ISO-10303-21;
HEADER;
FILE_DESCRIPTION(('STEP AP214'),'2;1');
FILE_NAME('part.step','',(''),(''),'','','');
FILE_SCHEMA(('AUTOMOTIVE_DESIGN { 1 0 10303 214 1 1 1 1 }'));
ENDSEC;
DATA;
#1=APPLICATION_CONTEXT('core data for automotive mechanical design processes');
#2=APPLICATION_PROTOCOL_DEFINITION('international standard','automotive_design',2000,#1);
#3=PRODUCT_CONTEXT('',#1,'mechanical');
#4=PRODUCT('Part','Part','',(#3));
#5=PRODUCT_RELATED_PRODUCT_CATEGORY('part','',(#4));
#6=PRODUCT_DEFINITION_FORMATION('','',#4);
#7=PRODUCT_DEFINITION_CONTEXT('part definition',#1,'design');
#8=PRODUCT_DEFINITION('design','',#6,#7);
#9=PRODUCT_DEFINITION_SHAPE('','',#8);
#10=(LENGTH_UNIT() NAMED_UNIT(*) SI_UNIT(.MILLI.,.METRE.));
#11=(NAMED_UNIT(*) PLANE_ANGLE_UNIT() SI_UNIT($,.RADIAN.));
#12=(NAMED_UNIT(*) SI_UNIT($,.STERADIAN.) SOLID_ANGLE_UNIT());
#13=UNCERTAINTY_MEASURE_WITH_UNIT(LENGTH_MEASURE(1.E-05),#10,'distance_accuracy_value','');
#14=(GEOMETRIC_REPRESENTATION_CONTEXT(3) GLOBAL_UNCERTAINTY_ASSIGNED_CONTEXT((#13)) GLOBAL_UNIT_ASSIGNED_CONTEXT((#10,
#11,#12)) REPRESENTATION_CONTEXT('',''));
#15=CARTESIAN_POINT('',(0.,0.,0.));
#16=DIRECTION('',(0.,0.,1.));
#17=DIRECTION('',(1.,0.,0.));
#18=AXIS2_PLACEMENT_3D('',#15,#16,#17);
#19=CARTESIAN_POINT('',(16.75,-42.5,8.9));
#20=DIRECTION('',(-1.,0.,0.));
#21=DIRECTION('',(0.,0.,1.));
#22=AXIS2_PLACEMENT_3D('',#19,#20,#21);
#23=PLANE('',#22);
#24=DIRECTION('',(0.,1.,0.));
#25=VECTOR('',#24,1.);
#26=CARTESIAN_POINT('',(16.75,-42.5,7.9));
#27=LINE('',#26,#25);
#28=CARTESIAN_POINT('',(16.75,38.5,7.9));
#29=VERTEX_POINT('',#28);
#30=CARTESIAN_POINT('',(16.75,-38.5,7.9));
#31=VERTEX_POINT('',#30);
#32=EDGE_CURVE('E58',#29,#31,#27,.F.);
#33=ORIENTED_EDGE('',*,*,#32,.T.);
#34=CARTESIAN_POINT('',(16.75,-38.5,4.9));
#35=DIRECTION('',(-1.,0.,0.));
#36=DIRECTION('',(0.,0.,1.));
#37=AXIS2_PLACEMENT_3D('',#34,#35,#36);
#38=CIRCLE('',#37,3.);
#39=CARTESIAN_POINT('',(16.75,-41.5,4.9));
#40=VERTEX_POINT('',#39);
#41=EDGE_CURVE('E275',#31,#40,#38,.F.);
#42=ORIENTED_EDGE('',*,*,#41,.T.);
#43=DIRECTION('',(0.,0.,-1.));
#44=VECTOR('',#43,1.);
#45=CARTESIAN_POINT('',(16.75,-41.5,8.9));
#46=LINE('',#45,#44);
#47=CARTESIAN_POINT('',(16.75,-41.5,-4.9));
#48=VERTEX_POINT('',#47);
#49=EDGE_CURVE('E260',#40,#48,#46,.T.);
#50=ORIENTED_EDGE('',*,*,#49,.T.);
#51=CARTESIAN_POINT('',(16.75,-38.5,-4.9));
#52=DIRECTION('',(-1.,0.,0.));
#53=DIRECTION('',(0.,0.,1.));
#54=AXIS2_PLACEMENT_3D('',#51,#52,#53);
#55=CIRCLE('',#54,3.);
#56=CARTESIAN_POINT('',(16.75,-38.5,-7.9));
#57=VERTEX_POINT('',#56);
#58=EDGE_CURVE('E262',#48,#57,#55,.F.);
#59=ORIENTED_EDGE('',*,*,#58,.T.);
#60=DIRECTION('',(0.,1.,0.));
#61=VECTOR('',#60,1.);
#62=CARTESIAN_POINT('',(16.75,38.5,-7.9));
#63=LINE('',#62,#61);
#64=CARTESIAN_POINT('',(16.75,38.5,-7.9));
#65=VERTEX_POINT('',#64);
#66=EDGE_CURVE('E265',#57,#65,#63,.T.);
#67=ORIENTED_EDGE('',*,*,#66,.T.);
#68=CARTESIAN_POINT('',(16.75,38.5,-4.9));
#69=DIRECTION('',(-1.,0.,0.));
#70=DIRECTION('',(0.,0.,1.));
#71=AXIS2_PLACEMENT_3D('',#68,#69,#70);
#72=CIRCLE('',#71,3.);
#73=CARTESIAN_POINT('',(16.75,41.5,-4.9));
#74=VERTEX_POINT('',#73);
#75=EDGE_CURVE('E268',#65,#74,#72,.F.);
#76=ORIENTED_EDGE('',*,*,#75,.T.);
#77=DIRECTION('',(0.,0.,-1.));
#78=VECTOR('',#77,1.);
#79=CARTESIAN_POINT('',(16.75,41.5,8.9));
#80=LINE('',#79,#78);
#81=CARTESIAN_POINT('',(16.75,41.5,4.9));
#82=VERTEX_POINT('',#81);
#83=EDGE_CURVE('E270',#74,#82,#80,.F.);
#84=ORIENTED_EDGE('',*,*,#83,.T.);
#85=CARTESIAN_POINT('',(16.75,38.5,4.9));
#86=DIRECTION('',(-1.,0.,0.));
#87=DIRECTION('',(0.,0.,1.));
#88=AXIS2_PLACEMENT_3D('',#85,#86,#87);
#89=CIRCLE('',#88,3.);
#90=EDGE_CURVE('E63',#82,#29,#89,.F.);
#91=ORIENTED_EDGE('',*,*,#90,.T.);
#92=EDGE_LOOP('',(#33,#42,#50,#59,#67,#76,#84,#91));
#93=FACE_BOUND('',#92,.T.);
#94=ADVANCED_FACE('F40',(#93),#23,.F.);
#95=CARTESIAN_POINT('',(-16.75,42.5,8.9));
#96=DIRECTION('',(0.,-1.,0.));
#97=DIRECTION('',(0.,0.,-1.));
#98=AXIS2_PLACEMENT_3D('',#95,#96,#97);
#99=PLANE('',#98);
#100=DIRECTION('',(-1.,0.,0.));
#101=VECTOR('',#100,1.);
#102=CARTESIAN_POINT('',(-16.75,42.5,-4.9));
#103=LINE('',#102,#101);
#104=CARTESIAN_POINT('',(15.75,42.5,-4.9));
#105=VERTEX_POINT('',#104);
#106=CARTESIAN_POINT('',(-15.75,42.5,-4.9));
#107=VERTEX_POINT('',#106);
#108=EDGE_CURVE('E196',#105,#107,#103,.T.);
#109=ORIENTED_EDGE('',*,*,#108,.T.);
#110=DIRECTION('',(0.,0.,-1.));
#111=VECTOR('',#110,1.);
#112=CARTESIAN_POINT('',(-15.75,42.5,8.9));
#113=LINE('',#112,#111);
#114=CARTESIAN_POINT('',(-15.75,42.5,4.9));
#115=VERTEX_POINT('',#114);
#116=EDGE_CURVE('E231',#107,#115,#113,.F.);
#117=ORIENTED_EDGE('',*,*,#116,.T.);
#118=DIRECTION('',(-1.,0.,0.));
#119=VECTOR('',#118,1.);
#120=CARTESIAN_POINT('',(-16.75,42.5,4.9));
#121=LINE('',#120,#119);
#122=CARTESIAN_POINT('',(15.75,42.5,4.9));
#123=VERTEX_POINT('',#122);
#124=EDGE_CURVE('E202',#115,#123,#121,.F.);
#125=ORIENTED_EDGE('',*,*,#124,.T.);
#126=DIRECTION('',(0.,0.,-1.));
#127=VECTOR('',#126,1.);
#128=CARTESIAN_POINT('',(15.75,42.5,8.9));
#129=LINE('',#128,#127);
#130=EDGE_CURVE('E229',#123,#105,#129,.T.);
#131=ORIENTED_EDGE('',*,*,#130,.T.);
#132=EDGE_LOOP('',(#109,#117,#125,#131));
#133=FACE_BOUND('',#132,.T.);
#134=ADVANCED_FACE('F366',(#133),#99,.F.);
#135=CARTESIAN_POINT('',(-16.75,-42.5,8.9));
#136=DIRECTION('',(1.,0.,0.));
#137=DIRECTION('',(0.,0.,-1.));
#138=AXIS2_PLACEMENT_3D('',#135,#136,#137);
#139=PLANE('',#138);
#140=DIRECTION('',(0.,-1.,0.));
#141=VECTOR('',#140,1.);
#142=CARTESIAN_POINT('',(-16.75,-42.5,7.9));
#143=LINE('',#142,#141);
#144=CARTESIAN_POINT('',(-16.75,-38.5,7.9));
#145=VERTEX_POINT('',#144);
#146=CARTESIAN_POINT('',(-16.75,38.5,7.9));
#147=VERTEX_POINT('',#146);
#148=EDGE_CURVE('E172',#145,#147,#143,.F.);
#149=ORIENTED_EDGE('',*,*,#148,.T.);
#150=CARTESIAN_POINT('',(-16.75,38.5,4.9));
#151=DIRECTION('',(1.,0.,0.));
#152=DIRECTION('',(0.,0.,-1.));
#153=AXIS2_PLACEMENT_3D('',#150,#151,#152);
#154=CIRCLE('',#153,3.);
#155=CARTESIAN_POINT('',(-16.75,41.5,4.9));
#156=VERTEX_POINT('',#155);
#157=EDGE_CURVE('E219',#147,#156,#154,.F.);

**Problem to work on:** The response should hold exactly the lines starting at the line with "#133=FACE_BOUND('',#132,.T.);" and ending at the line with "#149=ORIENTED_EDGE('',*,*,#148,.T.);", and no other line of the material above.

**Written solution:**
#133=FACE_BOUND('',#132,.T.);
#134=ADVANCED_FACE('F366',(#133),#99,.F.);
#135=CARTESIAN_POINT('',(-16.75,-42.5,8.9));
#136=DIRECTION('',(1.,0.,0.));
#137=DIRECTION('',(0.,0.,-1.));
#138=AXIS2_PLACEMENT_3D('',#135,#136,#137);
#139=PLANE('',#138);
#140=DIRECTION('',(0.,-1.,0.));
#141=VECTOR('',#140,1.);
#142=CARTESIAN_POINT('',(-16.75,-42.5,7.9));
#143=LINE('',#142,#141);
#144=CARTESIAN_POINT('',(-16.75,-38.5,7.9));
#145=VERTEX_POINT('',#144);
#146=CARTESIAN_POINT('',(-16.75,38.5,7.9));
#147=VERTEX_POINT('',#146);
#148=EDGE_CURVE('E172',#145,#147,#143,.F.);
#149=ORIENTED_EDGE('',*,*,#148,.T.);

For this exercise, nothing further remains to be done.